Figure 7. ELF5 specifies breast cancer subtype.

(A) Sub network of breast cancer subtype gene sets derived from forced ELF5 expression in MCF7 luminal breast cancer cells (inner node color) and knockdown of ELF5 expression in HCC1937 basal breast cancer cells. Node size is proportional to gene set size; thicker green lines indicate greater gene set overlap. Nodes are positioned according to similarity in gene sets. Labels in bold type indicate the functional significance of the four clusters generated, label is plain type is the gene set name. The full network is shown in Figure S16. (B–D) expression signature analysis of the ELF5-induced changes in molecular subtype produced by ELF5 knockdown in HCC1937 cells (B), or forced ELF5 expression in MCF7 cells (C), or T47D cells (D). Bars show the indicated comparisons that produce the associated p-values. BS, borderline significance; NS, not significant.

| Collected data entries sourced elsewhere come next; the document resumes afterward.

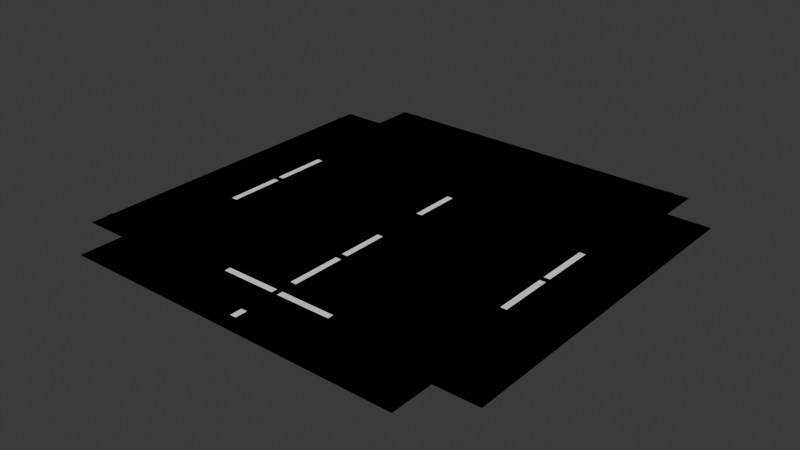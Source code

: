 # Source: ModularRoadKit.blend  (saved by Blender 5.2.45; exported with 4.5.12 LTS)
import bpy
from mathutils import Matrix  # noqa: F401  (used for matrix-valued properties, if any)

bpy.ops.wm.read_factory_settings(use_empty=True)
scene = bpy.context.scene
scene.name = 'Scene'

# ---- collections
col_collection = bpy.data.collections.new('Collection'); scene.collection.children.link(col_collection)

# ---- materials (node trees are filled in below, after node groups)
mat_m_road_asphalt = bpy.data.materials.new('M_Road_Asphalt')
mat_m_road_asphalt.diffuse_color = (0.018, 0.021, 0.024, 1.0)
mat_m_road_whitepaint = bpy.data.materials.new('M_Road_WhitePaint')
mat_m_road_whitepaint.diffuse_color = (0.92, 0.92, 0.88, 1.0)

# ---- material node trees
mat_m_road_asphalt.use_nodes = True; mat_m_road_asphalt.node_tree.nodes.clear()
_N = mat_m_road_asphalt.node_tree.nodes; _L = mat_m_road_asphalt.node_tree.links
n0 = _N.new('ShaderNodeBsdfPrincipled'); n0.name = 'Principled BSDF'; n0.location = (-200, 100)
n0.inputs[0].default_value = (0.018, 0.021, 0.024, 1.0)
n0.inputs[2].default_value = 0.88
n0.inputs[10].default_value = 0.005
n0.inputs[13].default_value = 0.25
n1 = _N.new('ShaderNodeOutputMaterial'); n1.name = 'Material Output'; n1.location = (200, 100)
_L.new(n0.outputs[0], n1.inputs[0])
n1.is_active_output = True
mat_m_road_whitepaint.use_nodes = True; mat_m_road_whitepaint.node_tree.nodes.clear()
_N = mat_m_road_whitepaint.node_tree.nodes; _L = mat_m_road_whitepaint.node_tree.links
n0 = _N.new('ShaderNodeBsdfPrincipled'); n0.name = 'Principled BSDF'; n0.location = (-200, 100)
n0.inputs[0].default_value = (0.92, 0.92, 0.88, 1.0)
n0.inputs[2].default_value = 0.62
n0.inputs[10].default_value = 0.005
n0.inputs[13].default_value = 0.25
n1 = _N.new('ShaderNodeOutputMaterial'); n1.name = 'Material Output'; n1.location = (200, 100)
_L.new(n0.outputs[0], n1.inputs[0])
n1.is_active_output = True

# ---- world
world_world = bpy.data.worlds.new('World'); scene.world = world_world
world_world.use_nodes = True; world_world.node_tree.nodes.clear()
_N = world_world.node_tree.nodes; _L = world_world.node_tree.links
n0 = _N.new('ShaderNodeOutputWorld'); n0.name = 'World Output'; n0.location = (200, 100)
n1 = _N.new('ShaderNodeBackground'); n1.name = 'Background'; n1.location = (-200, 100)
n1.inputs[0].default_value = (0.05088, 0.05088, 0.05088, 1.0)
_L.new(n1.outputs[0], n0.inputs[0])
n0.is_active_output = True
world_world.color = (0.06, 0.06, 0.06)
world_world.sun_shadow_jitter_overblur = 0.0

# ---- meshes
me_road_straight_asphalt_mesh = bpy.data.meshes.new('Road_Straight_Asphalt_Mesh')
me_road_straight_asphalt_mesh.from_pydata([(-4.0, -4.0, 0.0), (4.0, -4.0, 0.0), (4.0, 4.0, 0.0), (-4.0, 4.0, 0.0), (-4.0, 4.0, 0.0), (4.0, 4.0, 0.0), (4.0, 5.0, 0.0), (-4.0, 5.0, 0.0), (-4.0, -5.0, 0.0), (4.0, -5.0, 0.0), (4.0, -4.0, 0.0), (-4.0, -4.0, 0.0)], [], [(0, 1, 2, 3), (4, 5, 6, 7), (8, 9, 10, 11)])
me_road_straight_asphalt_mesh.materials.append(mat_m_road_asphalt)
me_road_straight_asphalt_mesh.update()
me_road_straight_whitemarkings_mesh = bpy.data.meshes.new('Road_Straight_WhiteMarkings_Mesh')
me_road_straight_whitemarkings_mesh.from_pydata([(-3.62, -5.0, 0.012), (-3.48, -5.0, 0.012), (-3.48, 5.0, 0.012), (-3.62, 5.0, 0.012), (3.48, -5.0, 0.012), (3.62, -5.0, 0.012), (3.62, 5.0, 0.012), (3.48, 5.0, 0.012), (-0.07, -4.375, 0.012), (0.07, -4.375, 0.012), (0.07, -3.125, 0.012), (-0.07, -3.125, 0.012), (-0.07, -1.875, 0.012), (0.07, -1.875, 0.012), (0.07, -0.625, 0.012), (-0.07, -0.625, 0.012), (-0.07, 0.625, 0.012), (0.07, 0.625, 0.012), (0.07, 1.875, 0.012), (-0.07, 1.875, 0.012), (-0.07, 3.125, 0.012), (0.07, 3.125, 0.012), (0.07, 4.375, 0.012), (-0.07, 4.375, 0.012)], [], [(0, 1, 2, 3), (4, 5, 6, 7), (8, 9, 10, 11), (12, 13, 14, 15), (16, 17, 18, 19), (20, 21, 22, 23)])
me_road_straight_whitemarkings_mesh.materials.append(mat_m_road_whitepaint)
me_road_straight_whitemarkings_mesh.update()
me_road_corner_asphalt_mesh = bpy.data.meshes.new('Road_Corner_Asphalt_Mesh')
me_road_corner_asphalt_mesh.from_pydata([(-4.0, -4.0, 0.0), (4.0, -4.0, 0.0), (4.0, 4.0, 0.0), (-4.0, 4.0, 0.0), (-4.0, 4.0, 0.0), (4.0, 4.0, 0.0), (4.0, 5.0, 0.0), (-4.0, 5.0, 0.0), (4.0, -4.0, 0.0), (5.0, -4.0, 0.0), (5.0, 4.0, 0.0), (4.0, 4.0, 0.0)], [], [(0, 1, 2, 3), (4, 5, 6, 7), (8, 9, 10, 11)])
me_road_corner_asphalt_mesh.materials.append(mat_m_road_asphalt)
me_road_corner_asphalt_mesh.update()
me_road_corner_whitemarkings_mesh = bpy.data.meshes.new('Road_Corner_WhiteMarkings_Mesh')
me_road_corner_whitemarkings_mesh.from_pydata([(-3.62, 1.35, 0.012), (-3.48, 1.35, 0.012), (-3.48, 5.0, 0.012), (-3.62, 5.0, 0.012), (3.48, 1.35, 0.012), (3.62, 1.35, 0.012), (3.62, 5.0, 0.012), (3.48, 5.0, 0.012), (1.35, 3.48, 0.012), (5.0, 3.48, 0.012), (5.0, 3.62, 0.012), (1.35, 3.62, 0.012), (1.35, -3.62, 0.012), (5.0, -3.62, 0.012), (5.0, -3.48, 0.012), (1.35, -3.48, 0.012), (-0.07, 1.7, 0.012), (0.07, 1.7, 0.012), (0.07, 4.65, 0.012), (-0.07, 4.65, 0.012), (1.7, -0.07, 0.012), (4.65, -0.07, 0.012), (4.65, 0.07, 0.012), (1.7, 0.07, 0.012)], [], [(0, 1, 2, 3), (4, 5, 6, 7), (8, 9, 10, 11), (12, 13, 14, 15), (16, 17, 18, 19), (20, 21, 22, 23)])
me_road_corner_whitemarkings_mesh.materials.append(mat_m_road_whitepaint)
me_road_corner_whitemarkings_mesh.update()
me_road_t_asphalt_mesh = bpy.data.meshes.new('Road_T_Asphalt_Mesh')
me_road_t_asphalt_mesh.from_pydata([(-4.0, -4.0, 0.0), (4.0, -4.0, 0.0), (4.0, 4.0, 0.0), (-4.0, 4.0, 0.0), (-4.0, 4.0, 0.0), (4.0, 4.0, 0.0), (4.0, 5.0, 0.0), (-4.0, 5.0, 0.0), (4.0, -4.0, 0.0), (5.0, -4.0, 0.0), (5.0, 4.0, 0.0), (4.0, 4.0, 0.0), (-5.0, -4.0, 0.0), (-4.0, -4.0, 0.0), (-4.0, 4.0, 0.0), (-5.0, 4.0, 0.0)], [], [(0, 1, 2, 3), (4, 5, 6, 7), (8, 9, 10, 11), (12, 13, 14, 15)])
me_road_t_asphalt_mesh.materials.append(mat_m_road_asphalt)
me_road_t_asphalt_mesh.update()
me_road_t_whitemarkings_mesh = bpy.data.meshes.new('Road_T_WhiteMarkings_Mesh')
me_road_t_whitemarkings_mesh.from_pydata([(-3.62, 1.35, 0.012), (-3.48, 1.35, 0.012), (-3.48, 5.0, 0.012), (-3.62, 5.0, 0.012), (3.48, 1.35, 0.012), (3.62, 1.35, 0.012), (3.62, 5.0, 0.012), (3.48, 5.0, 0.012), (1.35, 3.48, 0.012), (5.0, 3.48, 0.012), (5.0, 3.62, 0.012), (1.35, 3.62, 0.012), (1.35, -3.62, 0.012), (5.0, -3.62, 0.012), (5.0, -3.48, 0.012), (1.35, -3.48, 0.012), (-5.0, -3.62, 0.012), (-1.35, -3.62, 0.012), (-1.35, -3.48, 0.012), (-5.0, -3.48, 0.012), (-5.0, 3.48, 0.012), (-1.35, 3.48, 0.012), (-1.35, 3.62, 0.012), (-5.0, 3.62, 0.012), (-0.07, 1.7, 0.012), (0.07, 1.7, 0.012), (0.07, 4.65, 0.012), (-0.07, 4.65, 0.012), (1.7, -0.07, 0.012), (4.65, -0.07, 0.012), (4.65, 0.07, 0.012), (1.7, 0.07, 0.012), (-4.65, -0.07, 0.012), (-1.7, -0.07, 0.012), (-1.7, 0.07, 0.012), (-4.65, 0.07, 0.012)], [], [(0, 1, 2, 3), (4, 5, 6, 7), (8, 9, 10, 11), (12, 13, 14, 15), (16, 17, 18, 19), (20, 21, 22, 23), (24, 25, 26, 27), (28, 29, 30, 31), (32, 33, 34, 35)])
me_road_t_whitemarkings_mesh.materials.append(mat_m_road_whitepaint)
me_road_t_whitemarkings_mesh.update()
me_road_cross_asphalt_mesh = bpy.data.meshes.new('Road_Cross_Asphalt_Mesh')
me_road_cross_asphalt_mesh.from_pydata([(-4.0, -4.0, 0.0), (4.0, -4.0, 0.0), (4.0, 4.0, 0.0), (-4.0, 4.0, 0.0), (-4.0, 4.0, 0.0), (4.0, 4.0, 0.0), (4.0, 5.0, 0.0), (-4.0, 5.0, 0.0), (4.0, -4.0, 0.0), (5.0, -4.0, 0.0), (5.0, 4.0, 0.0), (4.0, 4.0, 0.0), (-4.0, -5.0, 0.0), (4.0, -5.0, 0.0), (4.0, -4.0, 0.0), (-4.0, -4.0, 0.0), (-5.0, -4.0, 0.0), (-4.0, -4.0, 0.0), (-4.0, 4.0, 0.0), (-5.0, 4.0, 0.0)], [], [(0, 1, 2, 3), (4, 5, 6, 7), (8, 9, 10, 11), (12, 13, 14, 15), (16, 17, 18, 19)])
me_road_cross_asphalt_mesh.materials.append(mat_m_road_asphalt)
me_road_cross_asphalt_mesh.update()
me_road_cross_whitemarkings_mesh = bpy.data.meshes.new('Road_Cross_WhiteMarkings_Mesh')
me_road_cross_whitemarkings_mesh.from_pydata([(-3.62, 1.35, 0.012), (-3.48, 1.35, 0.012), (-3.48, 5.0, 0.012), (-3.62, 5.0, 0.012), (3.48, 1.35, 0.012), (3.62, 1.35, 0.012), (3.62, 5.0, 0.012), (3.48, 5.0, 0.012), (1.35, 3.48, 0.012), (5.0, 3.48, 0.012), (5.0, 3.62, 0.012), (1.35, 3.62, 0.012), (1.35, -3.62, 0.012), (5.0, -3.62, 0.012), (5.0, -3.48, 0.012), (1.35, -3.48, 0.012), (3.48, -5.0, 0.012), (3.62, -5.0, 0.012), (3.62, -1.35, 0.012), (3.48, -1.35, 0.012), (-3.62, -5.0, 0.012), (-3.48, -5.0, 0.012), (-3.48, -1.35, 0.012), (-3.62, -1.35, 0.012), (-5.0, -3.62, 0.012), (-1.35, -3.62, 0.012), (-1.35, -3.48, 0.012), (-5.0, -3.48, 0.012), (-5.0, 3.48, 0.012), (-1.35, 3.48, 0.012), (-1.35, 3.62, 0.012), (-5.0, 3.62, 0.012), (-0.07, 1.7, 0.012), (0.07, 1.7, 0.012), (0.07, 4.65, 0.012), (-0.07, 4.65, 0.012), (1.7, -0.07, 0.012), (4.65, -0.07, 0.012), (4.65, 0.07, 0.012), (1.7, 0.07, 0.012), (-0.07, -4.65, 0.012), (0.07, -4.65, 0.012), (0.07, -1.7, 0.012), (-0.07, -1.7, 0.012), (-4.65, -0.07, 0.012), (-1.7, -0.07, 0.012), (-1.7, 0.07, 0.012), (-4.65, 0.07, 0.012)], [], [(0, 1, 2, 3), (4, 5, 6, 7), (8, 9, 10, 11), (12, 13, 14, 15), (16, 17, 18, 19), (20, 21, 22, 23), (24, 25, 26, 27), (28, 29, 30, 31), (32, 33, 34, 35), (36, 37, 38, 39), (40, 41, 42, 43), (44, 45, 46, 47)])
me_road_cross_whitemarkings_mesh.materials.append(mat_m_road_whitepaint)
me_road_cross_whitemarkings_mesh.update()
me_road_end_asphalt_mesh = bpy.data.meshes.new('Road_End_Asphalt_Mesh')
me_road_end_asphalt_mesh.from_pydata([(-4.0, -4.0, 0.0), (4.0, -4.0, 0.0), (4.0, 4.0, 0.0), (-4.0, 4.0, 0.0), (-4.0, 4.0, 0.0), (4.0, 4.0, 0.0), (4.0, 5.0, 0.0), (-4.0, 5.0, 0.0)], [], [(0, 1, 2, 3), (4, 5, 6, 7)])
me_road_end_asphalt_mesh.materials.append(mat_m_road_asphalt)
me_road_end_asphalt_mesh.update()
me_road_end_whitemarkings_mesh = bpy.data.meshes.new('Road_End_WhiteMarkings_Mesh')
me_road_end_whitemarkings_mesh.from_pydata([(-3.62, 1.35, 0.012), (-3.48, 1.35, 0.012), (-3.48, 5.0, 0.012), (-3.62, 5.0, 0.012), (3.48, 1.35, 0.012), (3.62, 1.35, 0.012), (3.62, 5.0, 0.012), (3.48, 5.0, 0.012), (-0.07, 1.7, 0.012), (0.07, 1.7, 0.012), (0.07, 4.65, 0.012), (-0.07, 4.65, 0.012), (-3.55, -3.62, 0.012), (3.55, -3.62, 0.012), (3.55, -3.48, 0.012), (-3.55, -3.48, 0.012)], [], [(0, 1, 2, 3), (4, 5, 6, 7), (8, 9, 10, 11), (12, 13, 14, 15)])
me_road_end_whitemarkings_mesh.materials.append(mat_m_road_whitepaint)
me_road_end_whitemarkings_mesh.update()

# ---- objects
ob_road_straight = bpy.data.objects.new('Road_Straight', None)
ob_road_straight_asphalt = bpy.data.objects.new('Road_Straight_Asphalt', me_road_straight_asphalt_mesh)
ob_road_straight_whitemarkings = bpy.data.objects.new('Road_Straight_WhiteMarkings', me_road_straight_whitemarkings_mesh)
ob_road_corner = bpy.data.objects.new('Road_Corner', None)
ob_road_corner_asphalt = bpy.data.objects.new('Road_Corner_Asphalt', me_road_corner_asphalt_mesh)
ob_road_corner_whitemarkings = bpy.data.objects.new('Road_Corner_WhiteMarkings', me_road_corner_whitemarkings_mesh)
ob_road_t = bpy.data.objects.new('Road_T', None)
ob_road_t_asphalt = bpy.data.objects.new('Road_T_Asphalt', me_road_t_asphalt_mesh)
ob_road_t_whitemarkings = bpy.data.objects.new('Road_T_WhiteMarkings', me_road_t_whitemarkings_mesh)
ob_road_cross = bpy.data.objects.new('Road_Cross', None)
ob_road_cross_asphalt = bpy.data.objects.new('Road_Cross_Asphalt', me_road_cross_asphalt_mesh)
ob_road_cross_whitemarkings = bpy.data.objects.new('Road_Cross_WhiteMarkings', me_road_cross_whitemarkings_mesh)
ob_road_end = bpy.data.objects.new('Road_End', None)
ob_road_end_asphalt = bpy.data.objects.new('Road_End_Asphalt', me_road_end_asphalt_mesh)
ob_road_end_whitemarkings = bpy.data.objects.new('Road_End_WhiteMarkings', me_road_end_whitemarkings_mesh)

# ---- transforms, parenting, visibility, modifiers, constraints
ob_road_straight.location = (0.0, 0.0, 0.0)
ob_road_straight.empty_display_type = 'CUBE'
ob_road_straight_asphalt.parent = ob_road_straight
ob_road_straight_asphalt.location = (0.0, 0.0, 0.0)
ob_road_straight_whitemarkings.parent = ob_road_straight
ob_road_straight_whitemarkings.location = (0.0, 0.0, 0.0)
ob_road_corner.location = (0.0, 0.0, 0.0)
ob_road_corner.empty_display_type = 'CUBE'
ob_road_corner_asphalt.parent = ob_road_corner
ob_road_corner_asphalt.location = (0.0, 0.0, 0.0)
ob_road_corner_whitemarkings.parent = ob_road_corner
ob_road_corner_whitemarkings.location = (0.0, 0.0, 0.0)
ob_road_t.location = (0.0, 0.0, 0.0)
ob_road_t.empty_display_type = 'CUBE'
ob_road_t_asphalt.parent = ob_road_t
ob_road_t_asphalt.location = (0.0, 0.0, 0.0)
ob_road_t_whitemarkings.parent = ob_road_t
ob_road_t_whitemarkings.location = (0.0, 0.0, 0.0)
ob_road_cross.location = (0.0, 0.0, 0.0)
ob_road_cross.empty_display_type = 'CUBE'
ob_road_cross_asphalt.parent = ob_road_cross
ob_road_cross_asphalt.location = (0.0, 0.0, 0.0)
ob_road_cross_whitemarkings.parent = ob_road_cross
ob_road_cross_whitemarkings.location = (0.0, 0.0, 0.0)
ob_road_end.location = (0.0, 0.0, 0.0)
ob_road_end.empty_display_type = 'CUBE'
ob_road_end_asphalt.parent = ob_road_end
ob_road_end_asphalt.location = (0.0, 0.0, 0.0)
ob_road_end_whitemarkings.parent = ob_road_end
ob_road_end_whitemarkings.location = (0.0, 0.0, 0.0)

# ---- collection membership
col_collection.objects.link(ob_road_straight)
col_collection.objects.link(ob_road_straight_asphalt)
col_collection.objects.link(ob_road_straight_whitemarkings)
col_collection.objects.link(ob_road_corner)
col_collection.objects.link(ob_road_corner_asphalt)
col_collection.objects.link(ob_road_corner_whitemarkings)
col_collection.objects.link(ob_road_t)
col_collection.objects.link(ob_road_t_asphalt)
col_collection.objects.link(ob_road_t_whitemarkings)
col_collection.objects.link(ob_road_cross)
col_collection.objects.link(ob_road_cross_asphalt)
col_collection.objects.link(ob_road_cross_whitemarkings)
col_collection.objects.link(ob_road_end)
col_collection.objects.link(ob_road_end_asphalt)
col_collection.objects.link(ob_road_end_whitemarkings)

# ---- scene / render settings (as saved in the file)
scene.frame_start = 1; scene.frame_end = 250; scene.frame_set(1)
scene.render.engine = 'BLENDER_EEVEE_NEXT'
scene.render.bake_bias = 0.0
scene.render.bake_samples = 0
scene.render.compositor_device = 'GPU'
scene.eevee.use_volume_custom_range = False
scene.eevee.fast_gi_thickness_near = 0.1
scene.eevee.fast_gi_thickness_far = 0.0
scene.eevee.ray_tracing_options.screen_trace_thickness = 0.1
bpy.context.view_layer.update()

# ---- added for rendering (the .blend has no active camera and no usable light): camera, sun
cam_auto = bpy.data.cameras.new('AutoCamera')
cam_auto.lens = 50.0
cam_auto.sensor_width = 36.0
cam_auto.clip_end = 1000.0
ob_auto_camera = bpy.data.objects.new('AutoCamera', cam_auto)
scene.collection.objects.link(ob_auto_camera)
ob_auto_camera.location = (13.0847, -15.7016, 10.4737)
ob_auto_camera.rotation_euler = (1.09748, -7.21219e-08, 0.694738)
scene.camera = ob_auto_camera
light_auto_sun = bpy.data.lights.new('AutoSun', 'SUN')
light_auto_sun.energy = 3.0
light_auto_sun.angle = 0.0523599
ob_auto_sun = bpy.data.objects.new('AutoSun', light_auto_sun)
scene.collection.objects.link(ob_auto_sun)
ob_auto_sun.rotation_euler = (0.872665, 0.174533, 0.523599)
bpy.context.view_layer.update()

Figure 8. Elevated ELF5 allows escape from antiestrogen-induced proliferative arrest.

(A) Affymetrix profiling of the expression (red high, green low) of key estrogen response genes in two models of antiestrogen resistance. The lines were derived from MCF7 cells from the Cardiff laboratory (MCF7C) to be resistant to TAMR or FASR. Additional two heat maps show the change in the expression of the ELF5 transcriptional signature in TAMR and FASR cells compared to parental. (B) PCR validation of the change in ELF5 expression in TAMR and FASR cells. (C) Drug-response signatures from Oncomine enriched among genes implicated in antiestrogen resistance that are ELF5 ChIP targets. (D) Eduction in ELF5 expression by estrogen treatment in MCF7C and TAMR cells. (E) Effects of ELF5 knockdown in TAMR cells on the expansion in cell number. Insets, demonstration of ELF5 knockdown by qPCR and IHC compared to both risc-free and scrambled siRNA controls. (F) BrdU labeling shows ELF5 knockdown inhibits cell proliferation in TAMR cells to a much greater extent than seen in the parental cells. (G) Model of ELF5 action in normal development and breast cancer, see the Discussion for details.